++++ EXERCISE DATA

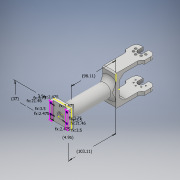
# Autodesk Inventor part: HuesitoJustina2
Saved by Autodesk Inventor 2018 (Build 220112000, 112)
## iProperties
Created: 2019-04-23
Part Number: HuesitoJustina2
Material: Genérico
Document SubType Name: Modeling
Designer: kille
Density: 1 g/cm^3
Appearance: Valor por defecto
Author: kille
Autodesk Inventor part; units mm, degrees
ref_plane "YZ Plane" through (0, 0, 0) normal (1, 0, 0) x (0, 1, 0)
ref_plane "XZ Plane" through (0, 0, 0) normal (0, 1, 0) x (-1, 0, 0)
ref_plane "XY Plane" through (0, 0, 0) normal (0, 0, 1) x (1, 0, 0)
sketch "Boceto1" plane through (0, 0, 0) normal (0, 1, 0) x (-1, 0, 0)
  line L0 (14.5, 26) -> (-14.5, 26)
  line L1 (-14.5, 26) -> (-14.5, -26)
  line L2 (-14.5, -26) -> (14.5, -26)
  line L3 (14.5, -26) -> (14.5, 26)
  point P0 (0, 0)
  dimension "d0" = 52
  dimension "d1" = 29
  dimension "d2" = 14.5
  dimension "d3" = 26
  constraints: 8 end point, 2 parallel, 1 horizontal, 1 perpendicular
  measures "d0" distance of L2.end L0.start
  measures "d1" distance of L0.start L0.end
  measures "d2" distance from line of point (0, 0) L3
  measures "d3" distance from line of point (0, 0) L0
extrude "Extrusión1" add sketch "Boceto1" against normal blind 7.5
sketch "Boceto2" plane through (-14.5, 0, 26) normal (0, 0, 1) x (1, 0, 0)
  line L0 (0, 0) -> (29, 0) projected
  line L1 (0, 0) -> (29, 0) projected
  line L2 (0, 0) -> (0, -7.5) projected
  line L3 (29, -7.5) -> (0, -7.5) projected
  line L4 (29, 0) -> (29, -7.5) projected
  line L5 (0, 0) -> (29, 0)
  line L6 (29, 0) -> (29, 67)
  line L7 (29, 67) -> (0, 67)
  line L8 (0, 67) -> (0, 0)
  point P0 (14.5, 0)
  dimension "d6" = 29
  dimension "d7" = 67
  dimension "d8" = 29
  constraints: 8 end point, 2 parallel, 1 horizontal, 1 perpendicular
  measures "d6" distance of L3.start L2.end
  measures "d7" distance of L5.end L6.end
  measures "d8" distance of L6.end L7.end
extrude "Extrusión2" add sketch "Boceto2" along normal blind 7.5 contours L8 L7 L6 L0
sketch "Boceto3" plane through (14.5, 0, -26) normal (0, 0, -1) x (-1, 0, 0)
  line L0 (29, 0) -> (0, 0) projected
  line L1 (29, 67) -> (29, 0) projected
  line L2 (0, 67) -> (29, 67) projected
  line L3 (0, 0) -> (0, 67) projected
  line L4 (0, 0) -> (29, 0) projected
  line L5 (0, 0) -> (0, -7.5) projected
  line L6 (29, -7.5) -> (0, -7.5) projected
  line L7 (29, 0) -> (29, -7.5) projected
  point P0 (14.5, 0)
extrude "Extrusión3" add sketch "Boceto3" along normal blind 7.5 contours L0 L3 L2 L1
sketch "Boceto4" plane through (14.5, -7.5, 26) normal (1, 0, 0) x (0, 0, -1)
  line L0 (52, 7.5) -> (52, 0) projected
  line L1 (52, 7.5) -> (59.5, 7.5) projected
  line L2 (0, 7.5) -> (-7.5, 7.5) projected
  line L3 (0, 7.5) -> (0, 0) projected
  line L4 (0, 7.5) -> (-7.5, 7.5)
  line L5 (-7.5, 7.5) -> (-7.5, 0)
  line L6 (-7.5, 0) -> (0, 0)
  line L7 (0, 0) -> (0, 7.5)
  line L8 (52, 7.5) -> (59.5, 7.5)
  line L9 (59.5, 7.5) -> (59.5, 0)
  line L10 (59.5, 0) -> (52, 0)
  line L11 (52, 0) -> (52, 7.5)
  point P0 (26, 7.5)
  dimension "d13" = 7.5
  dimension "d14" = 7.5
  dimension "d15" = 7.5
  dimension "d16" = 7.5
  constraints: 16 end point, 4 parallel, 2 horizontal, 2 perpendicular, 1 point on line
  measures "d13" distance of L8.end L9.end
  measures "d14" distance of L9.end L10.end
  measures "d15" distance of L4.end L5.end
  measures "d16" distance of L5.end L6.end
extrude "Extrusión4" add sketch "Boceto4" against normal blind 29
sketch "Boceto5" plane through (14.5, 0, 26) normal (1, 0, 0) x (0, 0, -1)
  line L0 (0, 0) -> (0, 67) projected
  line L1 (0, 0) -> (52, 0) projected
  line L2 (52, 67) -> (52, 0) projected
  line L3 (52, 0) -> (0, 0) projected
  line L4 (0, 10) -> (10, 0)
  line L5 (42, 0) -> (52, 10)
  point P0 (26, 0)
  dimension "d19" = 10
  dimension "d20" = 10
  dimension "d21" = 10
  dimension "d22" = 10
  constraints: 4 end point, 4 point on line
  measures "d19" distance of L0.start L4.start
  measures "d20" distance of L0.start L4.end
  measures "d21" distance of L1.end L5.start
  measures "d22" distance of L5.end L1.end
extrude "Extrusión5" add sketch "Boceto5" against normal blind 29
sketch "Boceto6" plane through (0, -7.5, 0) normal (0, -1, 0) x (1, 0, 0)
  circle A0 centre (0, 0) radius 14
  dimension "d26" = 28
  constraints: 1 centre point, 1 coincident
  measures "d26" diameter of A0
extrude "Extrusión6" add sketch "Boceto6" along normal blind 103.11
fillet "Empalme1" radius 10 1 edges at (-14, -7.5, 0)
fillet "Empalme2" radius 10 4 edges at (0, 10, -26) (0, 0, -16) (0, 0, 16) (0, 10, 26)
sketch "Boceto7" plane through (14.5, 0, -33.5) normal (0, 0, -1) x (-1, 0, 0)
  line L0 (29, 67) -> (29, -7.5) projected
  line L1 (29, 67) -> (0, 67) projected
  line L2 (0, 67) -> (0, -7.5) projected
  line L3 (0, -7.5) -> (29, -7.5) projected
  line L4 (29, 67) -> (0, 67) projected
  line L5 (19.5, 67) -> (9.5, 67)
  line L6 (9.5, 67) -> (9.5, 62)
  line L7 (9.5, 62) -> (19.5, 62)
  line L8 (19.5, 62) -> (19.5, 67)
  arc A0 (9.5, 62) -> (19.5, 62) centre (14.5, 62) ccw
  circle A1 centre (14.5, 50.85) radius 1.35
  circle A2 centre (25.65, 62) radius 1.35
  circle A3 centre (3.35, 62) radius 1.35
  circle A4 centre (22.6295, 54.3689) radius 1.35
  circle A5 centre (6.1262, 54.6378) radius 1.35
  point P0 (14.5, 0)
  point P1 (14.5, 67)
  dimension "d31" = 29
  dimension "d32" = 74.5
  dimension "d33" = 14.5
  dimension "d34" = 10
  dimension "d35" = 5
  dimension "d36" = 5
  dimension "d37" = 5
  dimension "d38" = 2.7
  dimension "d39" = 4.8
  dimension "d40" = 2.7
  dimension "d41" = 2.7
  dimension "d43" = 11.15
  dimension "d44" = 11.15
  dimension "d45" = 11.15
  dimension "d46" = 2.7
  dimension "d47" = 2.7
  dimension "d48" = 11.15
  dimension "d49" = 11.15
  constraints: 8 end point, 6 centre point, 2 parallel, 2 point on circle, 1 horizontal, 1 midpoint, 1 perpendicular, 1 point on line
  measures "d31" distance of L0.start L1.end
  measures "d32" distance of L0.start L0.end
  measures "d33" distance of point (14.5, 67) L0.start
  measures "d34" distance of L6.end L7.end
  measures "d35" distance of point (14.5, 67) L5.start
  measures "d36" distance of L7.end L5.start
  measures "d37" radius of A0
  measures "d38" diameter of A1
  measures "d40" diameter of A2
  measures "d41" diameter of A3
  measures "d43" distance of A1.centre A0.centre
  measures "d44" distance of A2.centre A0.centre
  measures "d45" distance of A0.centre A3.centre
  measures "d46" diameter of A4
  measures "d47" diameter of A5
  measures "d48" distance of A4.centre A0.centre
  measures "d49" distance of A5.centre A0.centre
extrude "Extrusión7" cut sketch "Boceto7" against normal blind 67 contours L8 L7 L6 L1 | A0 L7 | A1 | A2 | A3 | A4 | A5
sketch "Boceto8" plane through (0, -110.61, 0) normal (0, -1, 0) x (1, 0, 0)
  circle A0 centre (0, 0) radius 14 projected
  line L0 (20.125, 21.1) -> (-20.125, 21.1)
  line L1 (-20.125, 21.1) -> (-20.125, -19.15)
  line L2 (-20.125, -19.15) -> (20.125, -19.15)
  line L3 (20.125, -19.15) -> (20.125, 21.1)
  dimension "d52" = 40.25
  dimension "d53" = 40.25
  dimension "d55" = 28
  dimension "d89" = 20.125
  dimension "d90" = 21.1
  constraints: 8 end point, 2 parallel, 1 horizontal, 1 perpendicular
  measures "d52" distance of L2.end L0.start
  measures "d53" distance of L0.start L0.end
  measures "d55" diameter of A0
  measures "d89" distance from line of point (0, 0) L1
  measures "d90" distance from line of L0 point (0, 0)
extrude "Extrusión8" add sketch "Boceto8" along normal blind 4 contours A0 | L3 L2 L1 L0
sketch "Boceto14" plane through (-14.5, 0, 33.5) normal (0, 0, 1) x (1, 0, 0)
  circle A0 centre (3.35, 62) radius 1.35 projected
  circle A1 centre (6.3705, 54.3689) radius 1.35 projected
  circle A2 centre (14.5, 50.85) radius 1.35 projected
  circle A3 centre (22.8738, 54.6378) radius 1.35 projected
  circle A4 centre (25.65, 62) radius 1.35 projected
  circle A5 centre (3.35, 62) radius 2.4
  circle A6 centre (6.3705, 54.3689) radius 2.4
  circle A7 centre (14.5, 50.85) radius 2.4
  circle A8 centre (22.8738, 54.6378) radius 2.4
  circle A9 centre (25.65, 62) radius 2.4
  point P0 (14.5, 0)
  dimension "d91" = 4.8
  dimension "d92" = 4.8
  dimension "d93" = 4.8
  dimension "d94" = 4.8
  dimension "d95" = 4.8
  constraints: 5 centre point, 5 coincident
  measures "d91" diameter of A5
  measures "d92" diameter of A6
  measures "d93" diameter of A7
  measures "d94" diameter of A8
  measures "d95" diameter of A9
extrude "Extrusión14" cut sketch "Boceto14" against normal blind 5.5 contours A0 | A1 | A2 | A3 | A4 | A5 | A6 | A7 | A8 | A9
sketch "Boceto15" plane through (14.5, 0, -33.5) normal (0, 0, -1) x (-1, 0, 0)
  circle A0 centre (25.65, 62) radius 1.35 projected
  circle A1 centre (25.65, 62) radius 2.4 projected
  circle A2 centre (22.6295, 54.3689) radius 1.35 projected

++++++++

• **WORK TO COMPLETE**
In the listing above, find the line with "line L6 (29, -7.5) -> (0, -7.5) projected" and the line with "line L2 (52, 67) -> (52, 0) projected". Output those two lines and every line between them, exactly as written.

• **RESPONSE**
  line L6 (29, -7.5) -> (0, -7.5) projected
  line L7 (29, 0) -> (29, -7.5) projected
  point P0 (14.5, 0)
extrude "Extrusión3" add sketch "Boceto3" along normal blind 7.5 contours L0 L3 L2 L1
sketch "Boceto4" plane through (14.5, -7.5, 26) normal (1, 0, 0) x (0, 0, -1)
  line L0 (52, 7.5) -> (52, 0) projected
  line L1 (52, 7.5) -> (59.5, 7.5) projected
  line L2 (0, 7.5) -> (-7.5, 7.5) projected
  line L3 (0, 7.5) -> (0, 0) projected
  line L4 (0, 7.5) -> (-7.5, 7.5)
  line L5 (-7.5, 7.5) -> (-7.5, 0)
  line L6 (-7.5, 0) -> (0, 0)
  line L7 (0, 0) -> (0, 7.5)
  line L8 (52, 7.5) -> (59.5, 7.5)
  line L9 (59.5, 7.5) -> (59.5, 0)
  line L10 (59.5, 0) -> (52, 0)
  line L11 (52, 0) -> (52, 7.5)
  point P0 (26, 7.5)
  dimension "d13" = 7.5
  dimension "d14" = 7.5
  dimension "d15" = 7.5
  dimension "d16" = 7.5
  constraints: 16 end point, 4 parallel, 2 horizontal, 2 perpendicular, 1 point on line
  measures "d13" distance of L8.end L9.end
  measures "d14" distance of L9.end L10.end
  measures "d15" distance of L4.end L5.end
  measures "d16" distance of L5.end L6.end
extrude "Extrusión4" add sketch "Boceto4" against normal blind 29
sketch "Boceto5" plane through (14.5, 0, 26) normal (1, 0, 0) x (0, 0, -1)
  line L0 (0, 0) -> (0, 67) projected
  line L1 (0, 0) -> (52, 0) projected
  line L2 (52, 67) -> (52, 0) projected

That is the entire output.